ENTRIES PROVIDED:

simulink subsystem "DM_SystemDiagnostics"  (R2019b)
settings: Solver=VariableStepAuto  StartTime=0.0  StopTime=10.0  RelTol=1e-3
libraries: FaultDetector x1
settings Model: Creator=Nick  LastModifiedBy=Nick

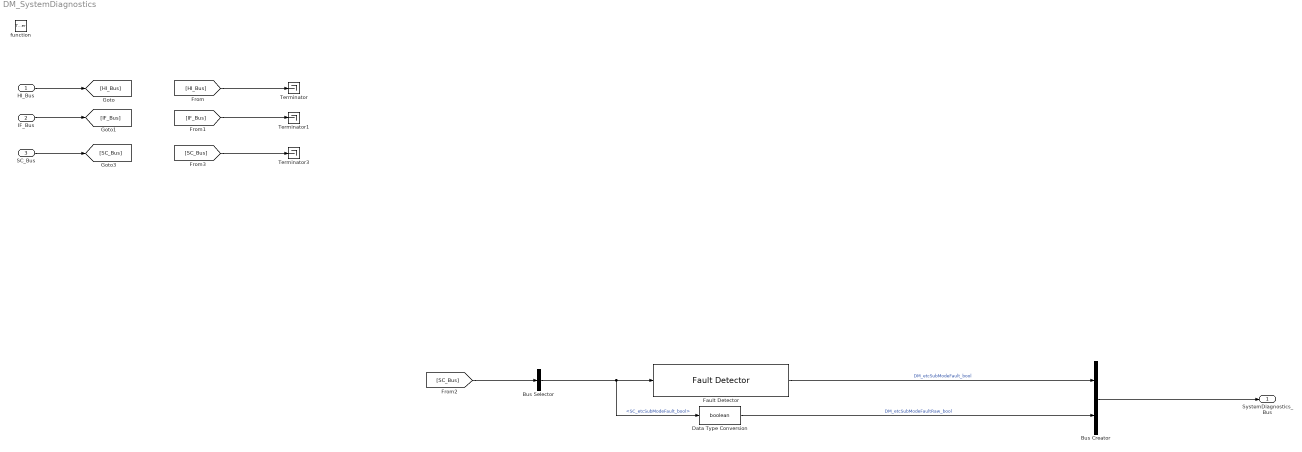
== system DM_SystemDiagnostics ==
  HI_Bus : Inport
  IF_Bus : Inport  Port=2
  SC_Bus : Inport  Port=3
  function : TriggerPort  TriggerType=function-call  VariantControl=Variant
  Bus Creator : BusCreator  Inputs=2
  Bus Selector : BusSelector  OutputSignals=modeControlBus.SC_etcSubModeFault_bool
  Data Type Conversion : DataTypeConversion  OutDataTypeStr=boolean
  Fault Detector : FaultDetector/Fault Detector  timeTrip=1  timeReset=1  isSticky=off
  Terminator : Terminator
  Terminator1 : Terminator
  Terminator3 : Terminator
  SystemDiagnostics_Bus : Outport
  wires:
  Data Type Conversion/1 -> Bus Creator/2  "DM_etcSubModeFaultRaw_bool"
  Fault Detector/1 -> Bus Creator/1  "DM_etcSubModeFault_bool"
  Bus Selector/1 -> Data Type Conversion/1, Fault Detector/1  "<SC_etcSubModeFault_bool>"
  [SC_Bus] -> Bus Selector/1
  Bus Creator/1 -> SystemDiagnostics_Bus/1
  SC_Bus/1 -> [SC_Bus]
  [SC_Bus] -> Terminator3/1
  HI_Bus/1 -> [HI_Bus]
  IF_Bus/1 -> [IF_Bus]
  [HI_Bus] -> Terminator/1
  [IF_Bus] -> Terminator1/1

WHAT YOU WILL DO: Now write out the data word for word, skipping every picture in it.

PROBLEM SOLUTION:
simulink subsystem "DM_SystemDiagnostics"  (R2019b)
settings: Solver=VariableStepAuto  StartTime=0.0  StopTime=10.0  RelTol=1e-3
libraries: FaultDetector x1
settings Model: Creator=Nick  LastModifiedBy=Nick

== system DM_SystemDiagnostics ==
  HI_Bus : Inport
  IF_Bus : Inport  Port=2
  SC_Bus : Inport  Port=3
  function : TriggerPort  TriggerType=function-call  VariantControl=Variant
  Bus Creator : BusCreator  Inputs=2
  Bus Selector : BusSelector  OutputSignals=modeControlBus.SC_etcSubModeFault_bool
  Data Type Conversion : DataTypeConversion  OutDataTypeStr=boolean
  Fault Detector : FaultDetector/Fault Detector  timeTrip=1  timeReset=1  isSticky=off
  Terminator : Terminator
  Terminator1 : Terminator
  Terminator3 : Terminator
  SystemDiagnostics_Bus : Outport
  wires:
  Data Type Conversion/1 -> Bus Creator/2  "DM_etcSubModeFaultRaw_bool"
  Fault Detector/1 -> Bus Creator/1  "DM_etcSubModeFault_bool"
  Bus Selector/1 -> Data Type Conversion/1, Fault Detector/1  "<SC_etcSubModeFault_bool>"
  [SC_Bus] -> Bus Selector/1
  Bus Creator/1 -> SystemDiagnostics_Bus/1
  SC_Bus/1 -> [SC_Bus]
  [SC_Bus] -> Terminator3/1
  HI_Bus/1 -> [HI_Bus]
  IF_Bus/1 -> [IF_Bus]
  [HI_Bus] -> Terminator/1
  [IF_Bus] -> Terminator1/1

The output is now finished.